# Will you live to be 100?



## PetrB (Feb 28, 2012)

Will you live to be 100?
http://bitecharge.com/play/livetobe?sess=r2#r237028419342465824

132 here (that is a downright scary thought!)


----------



## Giordano (Aug 10, 2014)

> 118
> 
> It might look too long, but trust us, it'll be full of happiness and fulfillment.


I thought it was a quiz...

118 is too soon, too young.


----------



## Turangalîla (Jan 29, 2012)

One hundred and nineteen here...what an odd quiz! :tiphat:


----------



## brotagonist (Jul 11, 2013)

I certainly intend to make it that far, and beyond!


----------



## SixFootScowl (Oct 17, 2011)

Wow, I am going to live to 117.


----------



## starthrower (Dec 11, 2010)

I wanna check out before I'm in diapers again, so 100 might be too old.


----------



## Taggart (Feb 14, 2013)

You will live to be:
118
It might look too long, but trust us, it'll be full of happiness and fulfillment.
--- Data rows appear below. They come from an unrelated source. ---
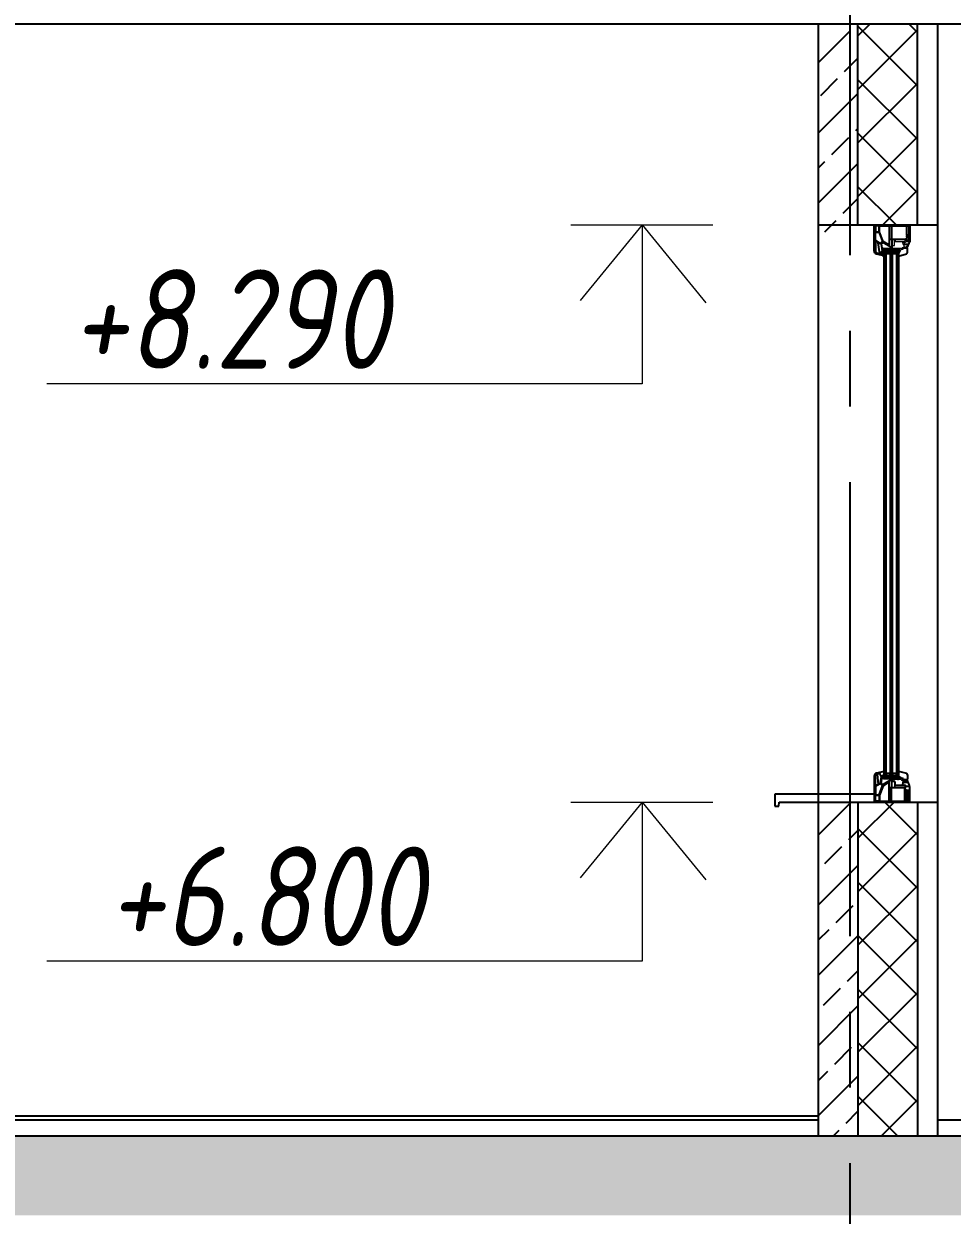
# Model space of a CAD drawing. Header units: millimetres. Extents: x -257254 to 390979, y -202328 to 355504.
# Drawn here: x 98548 to 100886, y 42935 to 45935 of the extents above; entities that cross this region are included whole.
import ezdxf
from ezdxf.enums import TextEntityAlignment as Align

# ---------------------------------------------------------------- set-up
doc = ezdxf.new("R2010")
doc.units = ezdxf.units.MM
doc.linetypes.add('CENTER2', pattern=[28.575, 19.05, -3.175, 3.175, -3.175])
doc.layers.get('0').update_dxf_attribs({"lineweight": 25})
for name, color, linetype in [('G_S1', 3, 'Continuous'), ('GASKET', 5, 'Continuous'), ('PVC', 7, 'Continuous'), ('оси', 1, 'CENTER2'), ('разрез', 40, 'Continuous')]:
    doc.layers.add(name, color=color, linetype=linetype)
doc.layers.add('RAZMER', color=250, linetype='Continuous', lineweight=13)
doc.layers.add('покрытия', color=6, linetype='Continuous', lineweight=18)
doc.styles.add('SIMPLEX', font='simplex.shx', dxfattribs={"width": 0.8, "oblique": 10})
pattern_1 = [(45, (-30, -18000), (-67.35192, 67.35192), []), (135, (-30, -18000), (-67.35192, -67.35192), [])]

msp = doc.modelspace()

# ---------------------------------------------------------------- hatches: boundary and pattern name
at = {"layer": 'разрез'}
h = msp.add_hatch(dxfattribs=at)
h.set_pattern_fill('NET', color=256, scale=30, angle=45)
h.set_pattern_definition(pattern_1)
h.paths.add_polyline_path([(100799.02596, 45935.34196), (100649.02596, 45935.34196), (100649.02596, 45428.85472), (100799.02596, 45428.85472)])
h = msp.add_hatch(dxfattribs=at)
h.set_pattern_fill('JIS_STN_2.5', color=256, scale=50)
h.set_pattern_definition([(45, (-80, -15017.21), (-88.38835, 88.38835), []), (45, (8.25, -15017.21), (-88.38835, 88.38835), [60, -25])])
h.paths.add_polyline_path([(100649.02596, 43975.34196), (100549.02596, 43975.34196), (100549.02596, 43135.34196), (100649.02596, 43135.34196)])
h.paths.add_polyline_path([(100649.02596, 45918.12924), (100549.02596, 45918.12924), (100549.02596, 45411.642), (100649.02596, 45411.642)])
h = msp.add_hatch(dxfattribs=at)
h.set_pattern_fill('NET', color=256, scale=30, angle=45)
h.set_pattern_definition(pattern_1)
h.paths.add_polyline_path([(100799.02596, 43975.34196), (100751.56261, 43975.34196), (100649.02596, 43975.34196), (100649.02596, 43135.34196), (100799.02596, 43135.34196)])
h = msp.add_hatch(dxfattribs=at)
h.set_pattern_fill('JIS_STN_2.5', color=256, scale=50)
h.set_pattern_definition([(45, (0, 3000), (-88.38835, 88.38835), []), (45, (88.25, 3000), (-88.38835, 88.38835), [60, -25])])
h.paths.add_polyline_path([(92229.02595, 43135.34196), (89829.02595, 43135.34196), (89829.02595, 42935.34196), (92229.02595, 42935.34196)])
h.paths.add_polyline_path([(96429.02596, 43135.34196), (92229.02596, 43135.34196), (92229.02596, 43015.34196), (92229.02595, 42935.34196), (96429.02596, 42935.34196)])
h.paths.add_polyline_path([(100629.02596, 43135.34196), (96429.02596, 43135.34196), (96429.02596, 42935.34196), (100629.02596, 42935.34196)])
h.paths.add_polyline_path([(102169.02596, 43135.34196), (100629.02596, 43135.34196), (100629.02596, 42935.34196), (102169.02596, 42935.34196)])

# ---------------------------------------------------------------- linework, layer by layer
at = {"color": 1, "linetype": 'Continuous', "lineweight": 25}
for p, q in [((100713.29793, 45366.57059), (100753.30821, 45369.55876)), ((100753.30821, 45366.57059), (100713.29793, 45369.55876)), ((100713.29793, 44037.62609), (100753.30821, 44034.63792)), ((100753.30821, 44037.62609), (100713.29793, 44034.63792))]:
    msp.add_line(p, q, dxfattribs=at)
at = {"color": 5}
for p, q in [((100720.33519, 45362.79024), (100719.33519, 45362.79024)), ((100720.33519, 45361.79024), (100719.33519, 45361.79024)), ((100720.33519, 45360.79024), (100719.33519, 45360.79024)), ((100720.33519, 45362.79024), (100720.33519, 45363.79024)), ((100721.33519, 45362.79024), (100721.33519, 45363.79024)), ((100722.33519, 45362.79024), (100722.33519, 45363.79024)), ((100723.33519, 45362.79024), (100723.33519, 45363.79024)), ((100724.33519, 45362.79024), (100724.33519, 45363.79024)), ((100725.33519, 45362.79024), (100725.33519, 45363.79024)), ((100726.33519, 45362.79024), (100726.33519, 45363.79024)), ((100727.33519, 45362.79024), (100727.33519, 45363.79024)), ((100728.33519, 45362.79024), (100728.33519, 45363.79024)), ((100729.33519, 45362.79024), (100729.33519, 45363.79024)), ((100730.33519, 45362.79024), (100730.33519, 45363.79024)), ((100730.33519, 45362.79024), (100730.33519, 45363.79024)), ((100730.33519, 45362.79024), (100731.33519, 45362.79024)), ((100731.33519, 45361.79024), (100730.33519, 45361.79024)), ((100731.33519, 45360.79024), (100730.33519, 45360.79024)), ((100731.33519, 45362.79024), (100731.33519, 45363.79024)), ((100736.33519, 45362.79024), (100735.33519, 45362.79024)), ((100736.33519, 45361.79024), (100735.33519, 45361.79024)), ((100736.33519, 45360.79024), (100735.33519, 45360.79024)), ((100736.33519, 45362.79024), (100736.33519, 45363.79024)), ((100737.33519, 45362.79024), (100737.33519, 45363.79024)), ((100738.33519, 45362.79024), (100738.33519, 45363.79024)), ((100739.33519, 45362.79024), (100739.33519, 45363.79024)), ((100740.33519, 45362.79024), (100740.33519, 45363.79024)), ((100741.33519, 45362.79024), (100741.33519, 45363.79024)), ((100742.33519, 45362.79024), (100742.33519, 45363.79024)), ((100743.33519, 45362.79024), (100743.33519, 45363.79024)), ((100744.33519, 45362.79024), (100744.33519, 45363.79024)), ((100745.33519, 45362.79024), (100745.33519, 45363.79024)), ((100746.33519, 45362.79024), (100746.33519, 45363.79024)), ((100746.33519, 45362.79024), (100746.33519, 45363.79024)), ((100746.33519, 45362.79024), (100747.33519, 45362.79024)), ((100747.33519, 45361.79024), (100746.33519, 45361.79024)), ((100747.33519, 45360.79024), (100746.33519, 45360.79024)), ((100747.33519, 45362.79024), (100747.33519, 45363.79024)), ((100720.33519, 45359.79024), (100719.33519, 45359.79024)), ((100720.33519, 45358.79024), (100719.33519, 45358.79024)), ((100720.33519, 45357.79024), (100719.33519, 45357.79024)), ((100720.33519, 45357.29024), (100719.33519, 45357.29024)), ((100720.33519, 45357.29024), (100720.33519, 45356.29024)), ((100721.33519, 45357.29024), (100721.33519, 45356.29024)), ((100722.33519, 45357.29024), (100722.33519, 45356.29024)), ((100723.33519, 45357.29024), (100723.33519, 45356.29024)), ((100724.33519, 45357.29024), (100724.33519, 45356.29024)), ((100725.33519, 45357.29024), (100725.33519, 45356.29024)), ((100726.33519, 45357.29024), (100726.33519, 45356.29024)), ((100727.33519, 45357.29024), (100727.33519, 45356.29024)), ((100728.33519, 45357.29024), (100728.33519, 45356.29024)), ((100729.33519, 45357.29024), (100729.33519, 45356.29024)), ((100731.33519, 45359.79024), (100730.33519, 45359.79024)), ((100731.33519, 45358.79024), (100730.33519, 45358.79024)), ((100731.33519, 45357.79024), (100730.33519, 45357.79024)), ((100730.33519, 45357.29024), (100730.33519, 45356.29024)), ((100730.33519, 45357.29024), (100730.33519, 45356.29024)), ((100730.33519, 45357.29024), (100731.33519, 45357.29024)), ((100731.33519, 45357.29024), (100731.33519, 45356.29024)), ((100736.33519, 45359.79024), (100735.33519, 45359.79024)), ((100736.33519, 45358.79024), (100735.33519, 45358.79024)), ((100736.33519, 45357.79024), (100735.33519, 45357.79024)), ((100736.33519, 45357.29024), (100735.33519, 45357.29024)), ((100736.33519, 45357.29024), (100736.33519, 45356.29024)), ((100737.33519, 45357.29024), (100737.33519, 45356.29024)), ((100738.33519, 45357.29024), (100738.33519, 45356.29024)), ((100739.33519, 45357.29024), (100739.33519, 45356.29024)), ((100740.33519, 45357.29024), (100740.33519, 45356.29024)), ((100741.33519, 45357.29024), (100741.33519, 45356.29024)), ((100742.33519, 45357.29024), (100742.33519, 45356.29024)), ((100743.33519, 45357.29024), (100743.33519, 45356.29024)), ((100744.33519, 45357.29024), (100744.33519, 45356.29024)), ((100745.33519, 45357.29024), (100745.33519, 45356.29024)), ((100747.33519, 45359.79024), (100746.33519, 45359.79024)), ((100747.33519, 45358.79024), (100746.33519, 45358.79024)), ((100747.33519, 45357.79024), (100746.33519, 45357.79024)), ((100746.33519, 45357.29024), (100746.33519, 45356.29024)), ((100746.33519, 45357.29024), (100746.33519, 45356.29024)), ((100746.33519, 45357.29024), (100747.33519, 45357.29024)), ((100747.33519, 45357.29024), (100747.33519, 45356.29024)), ((100720.33519, 44046.90644), (100719.33519, 44046.90644)), ((100720.33519, 44046.40644), (100719.33519, 44046.40644)), ((100720.33519, 44045.40644), (100719.33519, 44045.40644)), ((100720.33519, 44044.40644), (100719.33519, 44044.40644)), ((100720.33519, 44043.40644), (100719.33519, 44043.40644)), ((100720.33519, 44042.40644), (100719.33519, 44042.40644)), ((100720.33519, 44041.40644), (100719.33519, 44041.40644)), ((100720.33519, 44046.90644), (100720.33519, 44047.90644)), ((100720.33519, 44041.40644), (100720.33519, 44040.40644)), ((100721.33519, 44046.90644), (100721.33519, 44047.90644)), ((100721.33519, 44041.40644), (100721.33519, 44040.40644)), ((100722.33519, 44046.90644), (100722.33519, 44047.90644)), ((100722.33519, 44041.40644), (100722.33519, 44040.40644)), ((100723.33519, 44046.90644), (100723.33519, 44047.90644)), ((100723.33519, 44041.40644), (100723.33519, 44040.40644)), ((100724.33519, 44046.90644), (100724.33519, 44047.90644)), ((100724.33519, 44041.40644), (100724.33519, 44040.40644)), ((100725.33519, 44046.90644), (100725.33519, 44047.90644)), ((100725.33519, 44041.40644), (100725.33519, 44040.40644)), ((100726.33519, 44046.90644), (100726.33519, 44047.90644)), ((100726.33519, 44041.40644), (100726.33519, 44040.40644)), ((100727.33519, 44046.90644), (100727.33519, 44047.90644)), ((100727.33519, 44041.40644), (100727.33519, 44040.40644)), ((100728.33519, 44046.90644), (100728.33519, 44047.90644)), ((100728.33519, 44041.40644), (100728.33519, 44040.40644)), ((100729.33519, 44046.90644), (100729.33519, 44047.90644)), ((100729.33519, 44041.40644), (100729.33519, 44040.40644)), ((100730.33519, 44046.90644), (100730.33519, 44047.90644)), ((100730.33519, 44046.90644), (100730.33519, 44047.90644)), ((100730.33519, 44046.90644), (100731.33519, 44046.90644)), ((100731.33519, 44046.40644), (100730.33519, 44046.40644)), ((100731.33519, 44045.40644), (100730.33519, 44045.40644)), ((100731.33519, 44044.40644), (100730.33519, 44044.40644)), ((100731.33519, 44043.40644), (100730.33519, 44043.40644)), ((100731.33519, 44042.40644), (100730.33519, 44042.40644)), ((100730.33519, 44041.40644), (100730.33519, 44040.40644)), ((100730.33519, 44041.40644), (100730.33519, 44040.40644)), ((100730.33519, 44041.40644), (100731.33519, 44041.40644)), ((100731.33519, 44046.90644), (100731.33519, 44047.90644)), ((100731.33519, 44041.40644), (100731.33519, 44040.40644)), ((100736.33519, 44046.90644), (100735.33519, 44046.90644)), ((100736.33519, 44046.40644), (100735.33519, 44046.40644)), ((100736.33519, 44045.40644), (100735.33519, 44045.40644)), ((100736.33519, 44044.40644), (100735.33519, 44044.40644)), ((100736.33519, 44043.40644), (100735.33519, 44043.40644)), ((100736.33519, 44042.40644), (100735.33519, 44042.40644)), ((100736.33519, 44041.40644), (100735.33519, 44041.40644)), ((100736.33519, 44046.90644), (100736.33519, 44047.90644)), ((100736.33519, 44041.40644), (100736.33519, 44040.40644)), ((100737.33519, 44046.90644), (100737.33519, 44047.90644)), ((100737.33519, 44041.40644), (100737.33519, 44040.40644)), ((100738.33519, 44046.90644), (100738.33519, 44047.90644)), ((100738.33519, 44041.40644), (100738.33519, 44040.40644)), ((100739.33519, 44046.90644), (100739.33519, 44047.90644)), ((100739.33519, 44041.40644), (100739.33519, 44040.40644)), ((100740.33519, 44046.90644), (100740.33519, 44047.90644)), ((100740.33519, 44041.40644), (100740.33519, 44040.40644)), ((100741.33519, 44046.90644), (100741.33519, 44047.90644)), ((100741.33519, 44041.40644), (100741.33519, 44040.40644)), ((100742.33519, 44046.90644), (100742.33519, 44047.90644)), ((100742.33519, 44041.40644), (100742.33519, 44040.40644)), ((100743.33519, 44046.90644), (100743.33519, 44047.90644)), ((100743.33519, 44041.40644), (100743.33519, 44040.40644)), ((100744.33519, 44046.90644), (100744.33519, 44047.90644)), ((100744.33519, 44041.40644), (100744.33519, 44040.40644)), ((100745.33519, 44046.90644), (100745.33519, 44047.90644)), ((100745.33519, 44041.40644), (100745.33519, 44040.40644)), ((100746.33519, 44046.90644), (100746.33519, 44047.90644)), ((100746.33519, 44046.90644), (100746.33519, 44047.90644)), ((100746.33519, 44046.90644), (100747.33519, 44046.90644)), ((100747.33519, 44046.40644), (100746.33519, 44046.40644)), ((100747.33519, 44045.40644), (100746.33519, 44045.40644)), ((100747.33519, 44044.40644), (100746.33519, 44044.40644)), ((100747.33519, 44043.40644), (100746.33519, 44043.40644)), ((100747.33519, 44042.40644), (100746.33519, 44042.40644)), ((100746.33519, 44041.40644), (100746.33519, 44040.40644)), ((100746.33519, 44041.40644), (100746.33519, 44040.40644)), ((100746.33519, 44041.40644), (100747.33519, 44041.40644)), ((100747.33519, 44046.90644), (100747.33519, 44047.90644)), ((100747.33519, 44041.40644), (100747.33519, 44040.40644))]:
    msp.add_line(p, q, dxfattribs=at)
for points in [[(100727.68936, 45378.96636, -0.5773502692), (100727.23936, 45378.70655), (100712.28759, 45387.33896, -0.1763269807), (100712.15568, 45387.49616), (100703.60745, 45410.98224, -0.0874886635), (100703.58936, 45411.08484), (100703.58936, 45426.03194, -0.4142135624), (100703.88936, 45426.33194), (100727.38936, 45426.33194, -0.4142135624), (100727.68936, 45426.03194)], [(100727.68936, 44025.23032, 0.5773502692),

They forgot to add - at least the bits you can remember.


----------



## elgar's ghost (Aug 8, 2010)

I smoke, like a drink, am not exactly a health nut and yet I'm going to live to be 117 based on a bunch of totally irrelevant questions? Ridiculous! 

:lol:

My dad died at 53 and my mum is still going strong at 90, so perhaps I'll settle for about 75 with hopefully all of my faculties still intact!


----------



## SiegendesLicht (Mar 4, 2012)

I hope to live just as long as I can retain my intellectual capabilities, at least some of the physical ones and not be in too much pain. If I ever find myself slowly turning into a vegetable, I hope I will be able to travel to Switzerland and have myself gently put down before that process is complete.


----------



## Ingélou (Feb 10, 2013)

132 - ridiculous! 
There doesn't seem a lot of point in going on until I've reached 'second childishness and mere oblivion, sans teeth, sans eyes, sans taste, sans everything'.


----------



## Levanda (Feb 3, 2014)

I will live ling long until 119 and I take all benefits money from pension funds, I will annoy my grand, grand children pretending I am daft and stupid so their have to take care of me even more, it would not need to have servants, it will be everything for free, good one I have no problem with that.:devil:


----------



## Pugg (Aug 8, 2014)

121 , I do hope that all my organs wild hold, as my bones and surely my teeth


----------



## Bruce (Jan 2, 2013)

116. But there are other exits than a heart attack.


----------



## hpowders (Dec 23, 2013)

Fate is what it is. I wouldn't waste time worrying about it.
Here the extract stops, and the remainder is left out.